A bicistronic retrovirus vector containing a picornavirus internal ribosome entry site allows for correction of X-linked CGD by selection for MDR1 expression

Chronic granulomatous disease (CGD) is an inherited hematologic disorder involving failure of phagocytic cell oxidase to produce superoxide (O2-.), resulting in recurrent infections. The success of retrovirus gene therapy for hematopoietic diseases will be limited both by the efficiency of ex vivo transduction of target cells and by the ability of corrected cells to replace uncorrected cells in vivo. Using MFG-based retrovirus vectors containing oxidase genes, we have previously demonstrated in vitro correction of CGD, but transduction rates were low. In the present study we explore a strategy for providing a selective growth advantage to transduced cells, while retaining the single promoter feature of MFG responsible for high virus titer and enhanced protein production. We constructed a bicistronic retrovirus producing a single mRNA encoding both the therapeutic gene for the X-linked form of CGD (X-CGD), gp91phox, and the selectable human multidrug resistance gene, MDR1 linked together by the encephalomyocarditis virus internal ribosome entry site (IRES).
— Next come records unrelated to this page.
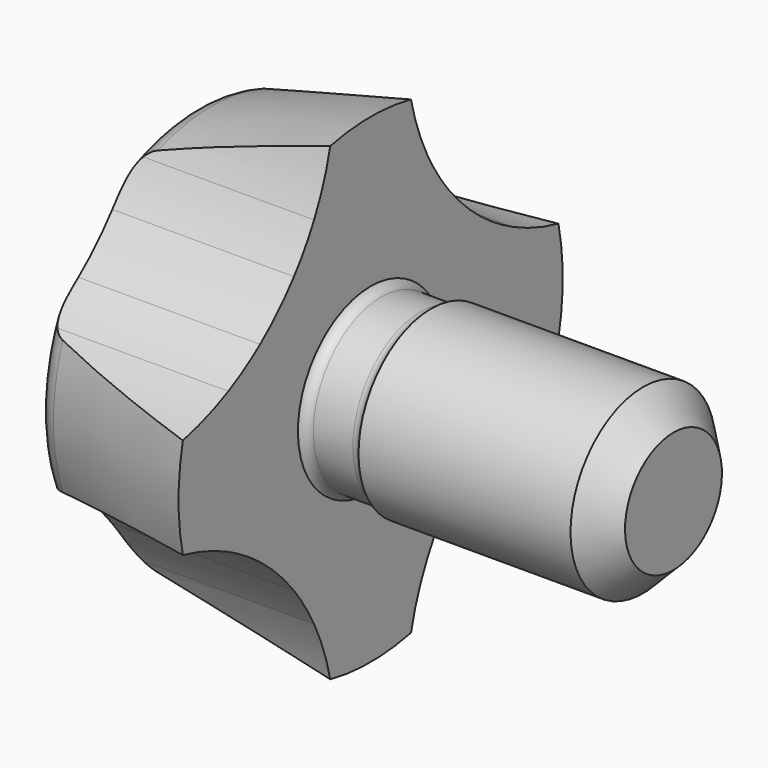
from build123d import *

# Parameters (mm, degrees)
F0_W     = 0.65359
F0_H     = 1.4
F0_W_2   = 3.5
F0_H_2   = 1.5
F3_DEPTH = 25


# Not quite as in the source:
# - ends of sketch curves that miss each other by under 0.0002 mm in the source are joined


with BuildPart() as f1:
    # F0 (on Front) → F1 (revolve)
    with BuildSketch(Plane.XZ):
        with BuildLine():
            ThreePointArc((9.366912, 1.4), (9.2669120175, 1.4267949091), (9.1937069394, 1.499999965))
            Line((9.193707, 1.499999965), (9.193707, 0))
            Line((9.193707, 0), (9.366912, 0))
            Line((9.366912, 0), (9.366912, 1.4))
        make_face()
        with Locations((9.693707, 0.7)):
            Rectangle(F0_W, F0_H)
        with BuildLine():
            ThreePointArc((10.1937070606, 1.499999965), (10.1205019825, 1.4267949091), (10.020502, 1.4))
            Line((10.020502, 1.4), (10.020502, 0))
            Line((10.020502, 0), (10.193707, 0))
            Line((10.193707, 0), (10.193707, 1.5))
        make_face()
        with Locations((11.943707, 0.75)):
            Rectangle(F0_W_2, F0_H_2)
        Polygon((14.193707, 1), (13.693707, 1.5), (13.693707, 0), (14.193707, 0), align=None)
        with BuildLine():
            Line((9.193707, 3.964102), (6.564298, 3.259553))
            ThreePointArc((6.5642979867, 3.2595530496), (6.2970304903, 3.0809709236), (6.193707, 2.77659))
            Line((6.193707, 2.77659), (6.193707, 0))
            Line((6.193707, 0), (9.193707, 0))
            Line((9.193707, 0), (9.193707, 1.499999965))
            Line((9.193707, 1.499999965), (9.193707, 3.964102))
        make_face()
    revolve(axis=Axis((10.368707, 0, 0), (-1, 0, 0)))

    # F2 (on face) → F3 (cut)
    with BuildSketch(Plane(origin=(6.193707, 0, 0), x_dir=(0, -1, 0), z_dir=(-1, 0, 0))):
        with BuildLine():
            ThreePointArc((3.8756311548, 0.8328191991), (2.8030435942, 2.8030432168), (0.8328197209, 3.8756310427))
            ThreePointArc((0.8328197209, 3.8756310427), (0.9707821759, 3.3957019848), (1.1674679485, 2.9367028921))
            ThreePointArc((1.1674679485, 2.9367028921), (1.3588439576, 2.5991932034), (1.5820188923, 2.2818124929))
            ThreePointArc((1.5820188923, 2.2818124929), (1.9633456176, 1.9633456176), (2.2818124929, 1.5820188923))
            ThreePointArc((2.2818124929, 1.5820188923), (2.599193614, 1.3588436976), (2.9367037599, 1.1674675107))
            ThreePointArc((2.9367037599, 1.1674675107), (3.3957025442, 0.9707819765), (3.8756311548, 0.8328191991))
        make_face()
        with BuildLine():
            ThreePointArc((-1.1674668381, 2.9367031109), (-0.9707811347, 3.3957021002), (-0.8328183948, 3.8756308663))
            ThreePointArc((-0.8328183948, 3.8756308663), (-2.8030431743, 2.8030436368), (-3.8756311107, 0.8328194045))
            ThreePointArc((-3.8756311107, 0.8328194045), (-3.3957018345, 0.970781873), (-2.9367033101, 1.167467233))
            ThreePointArc((-2.9367033101, 1.167467233), (-2.5991940372, 1.3588427967), (-2.281813665, 1.5820172017))
            ThreePointArc((-2.281813665, 1.5820172017), (-1.9633454104, 1.9633458247), (-1.5820167202, 2.2818139988))
            ThreePointArc((-1.5820167202, 2.2818139988), (-1.3588423817, 2.5991941131), (-1.1674668381, 2.9367031109))
        make_face()
        with BuildLine():
            ThreePointArc((2.2818124929, 1.5820188923), (1.9633456176, 1.9633456176), (1.5820188923, 2.2818124929))
            ThreePointArc((1.5820188923, 2.2818124929), (1.9101898753, 1.9101898753), (2.2818124929, 1.5820188923))
        make_face()
        with BuildLine():
            ThreePointArc((-2.281813665, 1.5820172017), (-1.9101891737, 1.9101895768), (-1.5820167202, 2.2818139988))
            ThreePointArc((-1.5820167202, 2.2818139988), (-1.9633454104, 1.9633458247), (-2.281813665, 1.5820172017))
        make_face()
        with BuildLine():
            ThreePointArc((-2.9367033101, -1.167467233), (-3.3957018345, -0.970781873), (-3.8756300769, -0.8328193482))
            ThreePointArc((-3.8756300769, -0.8328193482), (-2.8030431743, -2.8030436368), (-0.8328187651, -3.8756312481))
            ThreePointArc((-0.8328187651, -3.8756312481), (-0.9707811347, -3.3957021002), (-1.1674668381, -2.9367031109))
            ThreePointArc((-1.1674668381, -2.9367031109), (-1.3588423817, -2.5991941131), (-1.5820167202, -2.2818139988))
            ThreePointArc((-1.5820167202, -2.2818139988), (-1.9633454104, -1.9633458247), (-2.281813665, -1.5820172017))
            ThreePointArc((-2.281813665, -1.5820172017), (-2.5991940372, -1.3588427967), (-2.9367033101, -1.167467233))
        make_face()
        with BuildLine():
            ThreePointArc((0.8328197209, -3.8756310427), (2.8030435942, -2.8030432168), (3.8756311548, -0.8328191991))
            ThreePointArc((3.8756311548, -0.8328191991), (3.3957025442, -0.9707819765), (2.9367037599, -1.1674675107))
            ThreePointArc((2.9367037599, -1.1674675107), (2.599193614, -1.3588436976), (2.2818124929, -1.5820188923))
            ThreePointArc((2.2818124929, -1.5820188923), (1.9633456176, -1.9633456176), (1.5820188923, -2.2818124929))
            ThreePointArc((1.5820188923, -2.2818124929), (1.3588439576, -2.5991932034), (1.1674679485, -2.9367028921))
            ThreePointArc((1.1674679485, -2.9367028921), (0.9707821759, -3.3957019848), (0.8328197209, -3.8756310427))
        make_face()
        with BuildLine():
            ThreePointArc((1.5820188923, -2.2818124929), (1.9633456176, -1.9633456176), (2.2818124929, -1.5820188923))
            ThreePointArc((2.2818124929, -1.5820188923), (1.9101898753, -1.9101898753), (1.5820188923, -2.2818124929))
        make_face()
        with BuildLine():
            ThreePointArc((-1.5820167202, -2.2818139988), (-1.9101891737, -1.9101895768), (-2.281813665, -1.5820172017))
            ThreePointArc((-2.281813665, -1.5820172017), (-1.9633454104, -1.9633458247), (-1.5820167202, -2.2818139988))
        make_face()
    extrude(amount=-F3_DEPTH, mode=Mode.SUBTRACT)


solid = f1.part
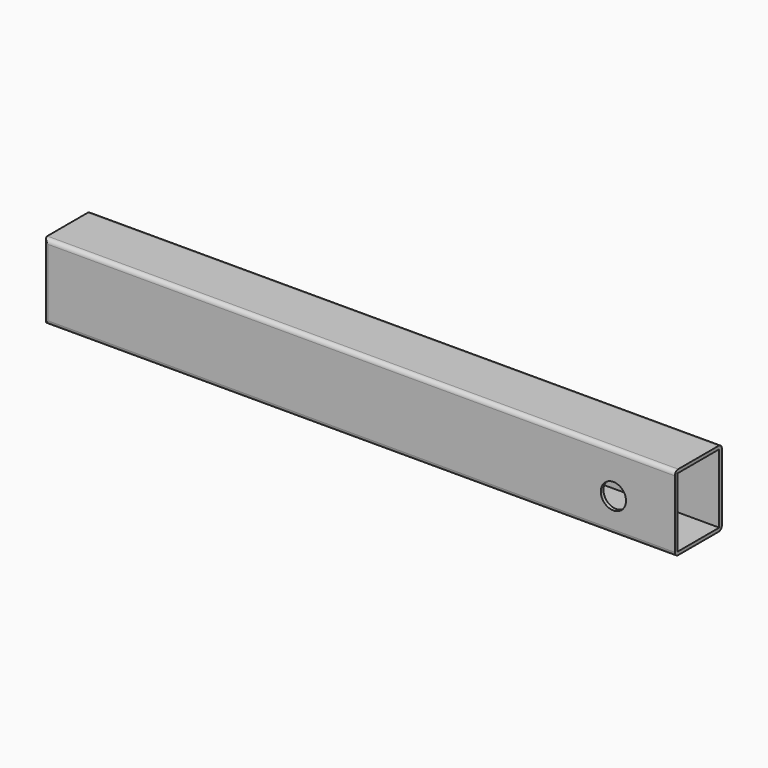
from build123d import *

# Parameters (mm, degrees)
F1_DEPTH     = 70
F2_T         = 4
F3_T1_DEPTH  = 774.9998275448
F3_T3_DEPTH  = 114.9996550895
F3_T6_ANGLE  = 90.0000000944
F3_T8_ANGLE  = 89.9999999363
F3_T10_ANGLE = 90.0000000944
F3_T12_ANGLE = 89.9999999363
F4_R         = 15
F5_DEPTH     = 70.001


# Not quite as in the source:
# - a fillet or chamfer that OpenCascade refuses, or shapes differently, is made with other operations: its cross-section is extruded or revolved along the edge and cut away or added
# - a shell that OpenCascade refuses in one call is made with other operations: the cavity is built on its own and cut out


with BuildPart() as f1:
    # F0 (on Front) → F1 (new body)
    with BuildSketch(Plane.XZ):
        with BuildLine():
            Line((-374.9998275448, -45), (375, -45))
            Line((375, -45), (375, 45))
            Line((375, 45), (-374.9998275448, 45))
            ThreePointArc((-374.9998275448, 45), (-374.999949489, 44.999949489), (-375, 44.9998275448))
            Line((-375, 44.9998275448), (-375, -44.9998275448))
            ThreePointArc((-375, -44.9998275448), (-374.999949489, -44.999949489), (-374.9998275448, -45))
        make_face()
    extrude(amount=F1_DEPTH)

    # F2: shell of thickness 4, made by hand


with BuildPart() as f2_core1:
    # F2_t2: copy of F1
    add(f1.part)

    # the walls: a layer under each face that stays
    f2_faces = [f2_core1.faces().sort_by_distance(p)[0] for p in [
        (8.62276e-05, -35, -45),
        (8.62276e-05, -35, 45),
        (0, 0, 0),
        (0, -70, 0),
    ]]
    thicken(f2_faces, amount=-F2_T, mode=Mode.SUBTRACT)


with BuildPart() as f1_1:
    add(f1.part)

    # what is left inside the walls is the cavity
    f2_cavity = [f2_core1.part.solids().sort_by_distance(p)[0] for p in [
        (0, -4.04, -15),
    ]]
    add(f2_cavity, mode=Mode.SUBTRACT)

    # F3: fillet of radius 5 on 4 edges, made by hand

    # F3_s2 → F3_t1 (cut)
    with BuildSketch(Plane.YZ.offset(-387.4998275448)):
        with BuildLine():
            ThreePointArc((-70, 40), (-68.5355339059, 43.5355339059), (-65, 45))
            Line((-65, 45), (-70, 45))
            Line((-70, 45), (-70, 40))
        make_face()
        with BuildLine():
            ThreePointArc((0, 40), (-1.4644660941, 43.5355339059), (-5, 45))
            Line((-5, 45), (0, 45))
            Line((0, 45), (0, 40))
        make_face()
        with BuildLine():
            ThreePointArc((-5, -45), (-1.4644660941, -43.5355339059), (0, -40))
            Line((0, -40), (0, -45))
            Line((0, -45), (-5, -45))
        make_face()
        with BuildLine():
            ThreePointArc((-65, -45), (-68.5355339059, -43.5355339059), (-70, -40))
            Line((-70, -40), (-70, -45))
            Line((-70, -45), (-65, -45))
        make_face()
    extrude(amount=F3_T1_DEPTH, mode=Mode.SUBTRACT)

    # F3_s4 → F3_t3 (cut)
    with BuildSketch(Plane.XY.offset(-57.4998275448)):
        with BuildLine():
            ThreePointArc((-370, -70), (-373.5355339059, -68.5355339059), (-375, -65))
            Line((-375, -65), (-375, -70))
            Line((-375, -70), (-370, -70))
        make_face()
        with BuildLine():
            ThreePointArc((-370, 0), (-373.5355339059, -1.4644660941), (-375, -5))
            Line((-375, -5), (-375, 0))
            Line((-375, 0), (-370, 0))
        make_face()
    extrude(amount=F3_T3_DEPTH, mode=Mode.SUBTRACT)

    # F3_s5 → F3_t6 (revolve, cut)
    with BuildSketch(Plane.XY.offset(-44.9998275448)):
        with BuildLine():
            ThreePointArc((-375, -65), (-374.999956886, -65.0207638646), (-374.9998275448, -65.0415273711))
            Line((-374.9998275448, -65.0415273711), (-374.9998275448, -70))
            Line((-374.9998275448, -70), (-375, -70))
            Line((-375, -70), (-375, -65))
        make_face()
    revolve(axis=Axis((-374.9998275448, -70, -44.9998275448), (0, -1, 0)), revolution_arc=F3_T6_ANGLE, mode=Mode.SUBTRACT)

    # F3_s7 → F3_t8 (revolve, cut)
    with BuildSketch(Plane.YZ.offset(-374.9998275448)):
        with BuildLine():
            ThreePointArc((-65.0415273711, 44.9998275448), (-65.0207638646, 44.999956886), (-65, 45))
            Line((-65, 45), (-70, 45))
            Line((-70, 45), (-70, 44.9998275448))
            Line((-70, 44.9998275448), (-65.0415273711, 44.9998275448))
        make_face()
    revolve(axis=Axis((-374.9998275448, -70, 44.9998275448), (0, -1, 0)), revolution_arc=F3_T8_ANGLE, mode=Mode.SUBTRACT)

    # F3_s9 → F3_t10 (revolve, cut)
    with BuildSketch(Plane.XY.offset(-44.9998275448)):
        with BuildLine():
            ThreePointArc((-375, -5), (-374.999956886, -4.9792361354), (-374.9998275448, -4.9584726289))
            Line((-374.9998275448, -4.9584726289), (-374.9998275448, 0))
            Line((-374.9998275448, 0), (-375, 0))
            Line((-375, 0), (-375, -5))
        make_face()
    revolve(axis=Axis((-374.9998275448, 0, -44.9998275448), (0, -1, 0)), revolution_arc=F3_T10_ANGLE, mode=Mode.SUBTRACT)

    # F3_s11 → F3_t12 (revolve, cut)
    with BuildSketch(Plane.YZ.offset(-374.9998275448)):
        with BuildLine():
            ThreePointArc((-4.9584726289, 44.9998275448), (-4.9792361354, 44.999956886), (-5, 45))
            Line((-5, 45), (0, 45))
            Line((0, 45), (0, 44.9998275448))
            Line((0, 44.9998275448), (-4.9584726289, 44.9998275448))
        make_face()
    revolve(axis=Axis((-374.9998275448, 0, 44.9998275448), (0, -1, 0)), revolution_arc=F3_T12_ANGLE, mode=Mode.SUBTRACT)

    # F4 (on Front) → F5 (cut, through all)
    with BuildSketch(Plane.XZ):
        with Locations((302, -5)):
            Circle(F4_R)
    extrude(amount=F5_DEPTH, mode=Mode.SUBTRACT)


solid = f1_1.part

As a control we constructed a bicistronic vector with the polio virus IRES element and using the bacterial neomycin resistance gene (neor) as the selective element. In Epstein-Barr virus transformed B (EBV-B) cells from an X-CGD patient, a tissue culture model of CGD, we show correction of the CGD defect and complete normalization of the cell population using either of these vectors and appropriate selection (vincristine for MDR1 and G418 for neor). Using a chemiluminescence assay of O2-. production, populations of cells transduced with either vector demonstrated initial correction levels of from less than 0.1% up to 2.7% of normal EBV-B cell oxidase activity. With either construct, cell growth under appropriate selection enriched the population of transduced cells, resulting in correction of X-CGD EBV-B cells to a level of O2-. production equalling or exceeding that of normal EBV-B cells. These studies show that a therapeutic gene can be linked to a resistance gene by an IRES element, allowing for selective enrichment of cells expressing the therapeutic gene. Furthermore, the use of MDR1 as a selective element in our studies validates an important approach to gene therapy that could allow in vivo selection and is generalizable to a number of therapeutic settings.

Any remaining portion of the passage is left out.